Rotary draw bending of tubes has little cross section distortion at the bend, and I thought that it would give the appearance I wanted in the subframe and rear luggage racks. Here's a nice diagram I found that shows several tube bending methods.

I decided to make my own bender so that I would then have the capability to make a bender for any size tube or bend radius I might find I need. A minimal design would need a bending die with an integrated clamp die, a pressure die, and a frame.

I found a large block of mild steel at the scrap yard I thought I could use to make a double 1/2" & 3/4" bending die for a 1 1/2" radius. I cut the block down to a square and drilled a hole in the center so I could bolt it to the left over stock I had used to make my lower shock bearing mount. Here's the piece in the lathe almost ready to be turned down.

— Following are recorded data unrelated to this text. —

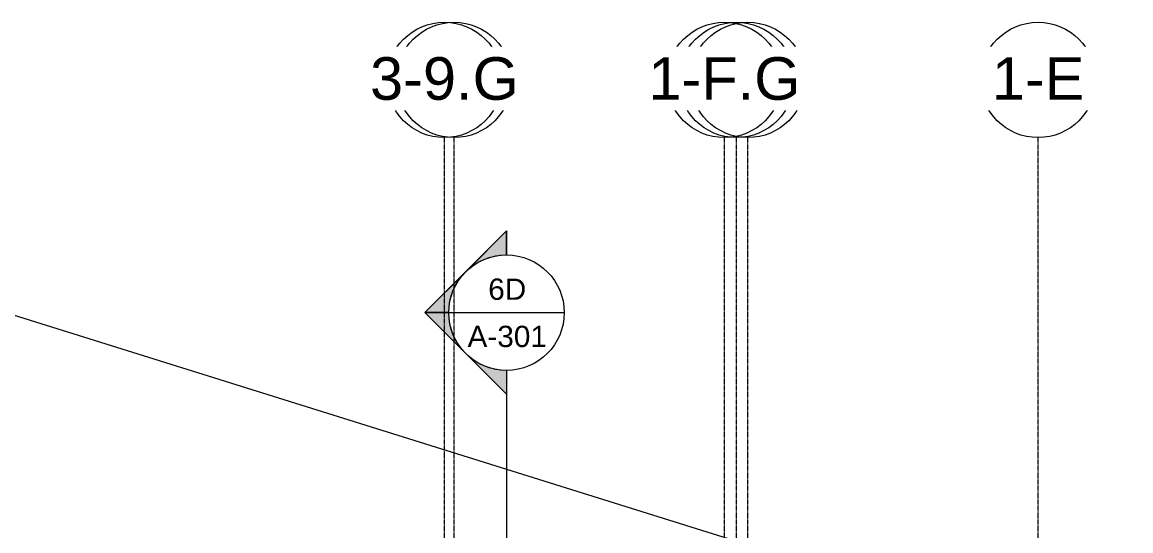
# Model space of a CAD drawing. Header units: inches. Extents: x 21386 to 98546, y -290 to 853.
# Drawn here: x 27421 to 28343, y 412 to 835 of the extents above; entities that cross this region are included whole.
import ezdxf

# ---------------------------------------------------------------- set-up
doc = ezdxf.new("R2010")
doc.units = ezdxf.units.IN
doc.header["$MEASUREMENT"] = 0
doc.linetypes.add('Grid Line 1_2_', pattern=[0.875, 0.5, -0.125, 0.125, -0.125])
for name, color, linetype, lineweight in [('A-ANNO-IDEN', 131, 'Continuous', 9), ('G-ANNO-SYMB', 111, 'Continuous', 9), ('S-GRID', 1, 'Continuous', 9), ('S-GRID-IDEN', 1, 'Continuous', 9)]:
    doc.layers.add(name, color=color, linetype=linetype, lineweight=lineweight)
doc.styles.add('Arial_2', font='arial.ttf', dxfattribs={"height": 35.407186})
doc.styles.add('Arial_3', font='arial.ttf', dxfattribs={"height": 17.703593})

# ---------------------------------------------------------------- blocks, each defined once
blk = doc.blocks.new('Grid - Grid Head - Circle-14747-Building Section - North_South looking East _ Clinic')
at = {"layer": 'S-GRID-IDEN'}
blk.add_circle((21143.8, 786.66), 48, dxfattribs=at)
blk = doc.blocks.new('Section - Section Head - Filled-1526-Building Section - North_South looking East _ Clinic')
at = {"layer": 'G-ANNO-SYMB'}
h = blk.add_hatch(color=256, dxfattribs=at)
edge = h.paths.add_edge_path(flags=0)
edge.add_arc((22248.83, 593.16), 48.06, 47.9216, 90)
edge.add_line((22248.83, 641.22), (22248.83, 661.04))
edge.add_line((22248.83, 661.04), (22281.04, 628.83))
h = blk.add_hatch(color=256, dxfattribs=at)
edge = h.paths.add_edge_path(flags=0)
edge.add_line((22282.77, 627.1), (22316.72, 593.16))
edge.add_line((22316.72, 593.16), (22296.83, 593.16))
edge.add_arc((22248.83, 593.16), 48, 360, 405)
h = blk.add_hatch(color=256, dxfattribs=at)
edge = h.paths.add_edge_path(flags=0)
edge.add_arc((22248.83, 593.16), 48, 315, 360)
edge.add_line((22296.83, 593.16), (22316.72, 593.16))
edge.add_line((22316.72, 593.16), (22282.77, 559.22))
h = blk.add_hatch(color=256, dxfattribs=at)
edge = h.paths.add_edge_path(flags=0)
edge.add_line((22281.04, 557.48), (22248.83, 525.27))
edge.add_line((22248.83, 525.27), (22248.83, 545.09))
edge.add_arc((22248.83, 593.16), 48.06, 270, 312.0784)
for p, q in [((22316.72, 593.16), (22248.83, 661.04)), ((22248.83, 641.16), (22248.83, 661.04)), ((22281.04, 628.83), (22248.83, 661.04)), ((22248.83, 661.04), (22248.83, 641.22)), ((22316.72, 593.16), (22282.77, 627.1)), ((22316.72, 593.16), (22248.83, 525.27)), ((22282.77, 559.22), (22316.72, 593.16)), ((22296.83, 593.16), (22316.72, 593.16)), ((22316.72, 593.16), (22296.83, 593.16)), ((22248.83, 525.27), (22281.04, 557.48)), ((22248.83, 545.16), (22248.83, 525.27)), ((22248.83, 545.09), (22248.83, 525.27))]:
    blk.add_line(p, q, dxfattribs=at)
for radius, start, end in [(48, 90, 270), (48.06, 47.9216, 90), (48, 270, 90), (48, 360, 45), (48, 315, 360), (48.06, 270, 312.0784)]:
    blk.add_arc((22248.83, 593.16), radius, start, end, dxfattribs=at)

msp = doc.modelspace()

# ---------------------------------------------------------------- linework, layer by layer
at = {"layer": 'A-ANNO-IDEN', "color": 153}
msp.add_line((28342.55, 300.65), (27376.5, 602.72), dxfattribs=at)
at = {"layer": 'G-ANNO-SYMB'}
for p, q in [((27775.53, 593.16), (27871.53, 593.16)), ((27823.53, 545.16), (27823.53, -79.66))]:
    msp.add_line(p, q, dxfattribs=at)
at = {"layer": 'S-GRID', "linetype": 'Grid Line 1_2_'}
for p, q in [((27771.95, -273.16), (27771.95, 738.66)), ((27779.95, -273.16), (27779.95, 738.66)), ((28004.7, -273.16), (28004.7, 738.66)), ((28014.7, -273.16), (28014.7, 738.66)), ((28024.2, -273.16), (28024.2, 738.66)), ((28265.45, -273.16), (28265.45, 738.66)), ((28265.45, -273.16), (28265.45, 738.66))]:
    msp.add_line(p, q, dxfattribs=at)

# ---------------------------------------------------------------- block references
at = {"layer": 'G-ANNO-SYMB', "extrusion": (0, 0, -1)}
msp.add_blockref('Section - Section Head - Filled-1526-Building Section - North_South looking East _ Clinic', (-50072.36, 0), dxfattribs=at)
at = {"layer": 'S-GRID-IDEN'}
for p in [(6636.15, 0), (6880.4, 0), (7121.65, 0)]:
    msp.add_blockref('Grid - Grid Head - Circle-14747-Building Section - North_South looking East _ Clinic', p, dxfattribs=at)

# ---------------------------------------------------------------- texts
at = {"layer": 'G-ANNO-SYMB', "char_height": 17.704, "attachment_point": 2, "line_spacing_factor": 0.938532, "style": 'Arial_3'}
for s, insert, width in [('6D', (27824.14, 621.5), 37.584), ('A-301', (27824.14, 582.22), 78.624)]:
    msp.add_mtext(s, dxfattribs=dict(at, insert=insert, width=width))

# ---------------------------------------------------------------- next in the draw order: texts
at = {"layer": 'S-GRID-IDEN', "char_height": 35.407, "width": 85.104, "attachment_point": 2, "line_spacing_factor": 0.938532, "style": 'Arial_2', "bg_fill": 3, "box_fill_scale": 1.25, "bg_fill_color": 0, "bg_fill_transparency": 0}
for s, insert in [('3-9', (27779.95, 805.53)), ('3-8', (28024.2, 805.53)), ('3-7', (28265.45, 805.53))]:
    msp.add_mtext(s, dxfattribs=dict(at, insert=insert))

# ---------------------------------------------------------------- next in the draw order: block references
at = {"layer": 'S-GRID-IDEN'}
for p in [(6628.15, 0), (6870.9, 0), (7121.65, 0)]:
    msp.add_blockref('Grid - Grid Head - Circle-14747-Building Section - North_South looking East _ Clinic', p, dxfattribs=at)

# ---------------------------------------------------------------- next in the draw order: texts
at = {"layer": 'S-GRID-IDEN', "char_height": 35.407, "attachment_point": 2, "line_spacing_factor": 0.938532, "style": 'Arial_2', "bg_fill": 3, "box_fill_scale": 1.25, "bg_fill_color": 0, "bg_fill_transparency": 0}
for s, insert, width in [('3-9.G', (27771.95, 805.53), 147.312), ('1-F', (28014.7, 805.53), 88.128), ('1-E', (28265.45, 805.53), 91.584)]:
    msp.add_mtext(s, dxfattribs=dict(at, insert=insert, width=width))

# ---------------------------------------------------------------- next in the draw order: block references
at = {"layer": 'S-GRID-IDEN'}
msp.add_blockref('Grid - Grid Head - Circle-14747-Building Section - North_South looking East _ Clinic', (6860.9, 0), dxfattribs=at)

# ---------------------------------------------------------------- next in the draw order: texts
at = {"layer": 'S-GRID-IDEN', "insert": (28004.7, 805.53), "char_height": 35.407, "width": 150.336, "attachment_point": 2, "line_spacing_factor": 0.938532, "style": 'Arial_2', "bg_fill": 3, "box_fill_scale": 1.25, "bg_fill_color": 0, "bg_fill_transparency": 0}
msp.add_mtext('1-F.G', dxfattribs=at)

doc.saveas('drawing.dxf')

Once I got the OD turned down I cut grooves of 1/2" and 3/4". I didn't have any full radius cutting tools so I just ground a few left and right hand turning tools to have the proper radius. I had five tools in all to do the grooves, a common center one and left and right radius ones.

Here's the final cutting of the 3/4" groove. After the block was bolted to the mount I drilled a center hole in the bolt so I could support the right side with the center seen in this photo.

Here's the finished bending die with my mount and center drilled bolt.

To simplify the design I decided to weld the clamp die and a handle directly to the bending die. I cut a clamping strap from a thick wall rectangle tube and welded it to the bending die.

I found some 1" square stock to use for the pressure dies. To mill the slots I bought a 1/2" and a 3/4" ball end mill. Here's the milling of the 3/4" die.

Here's a view of the 1/2" die with a section of tube and the cutter.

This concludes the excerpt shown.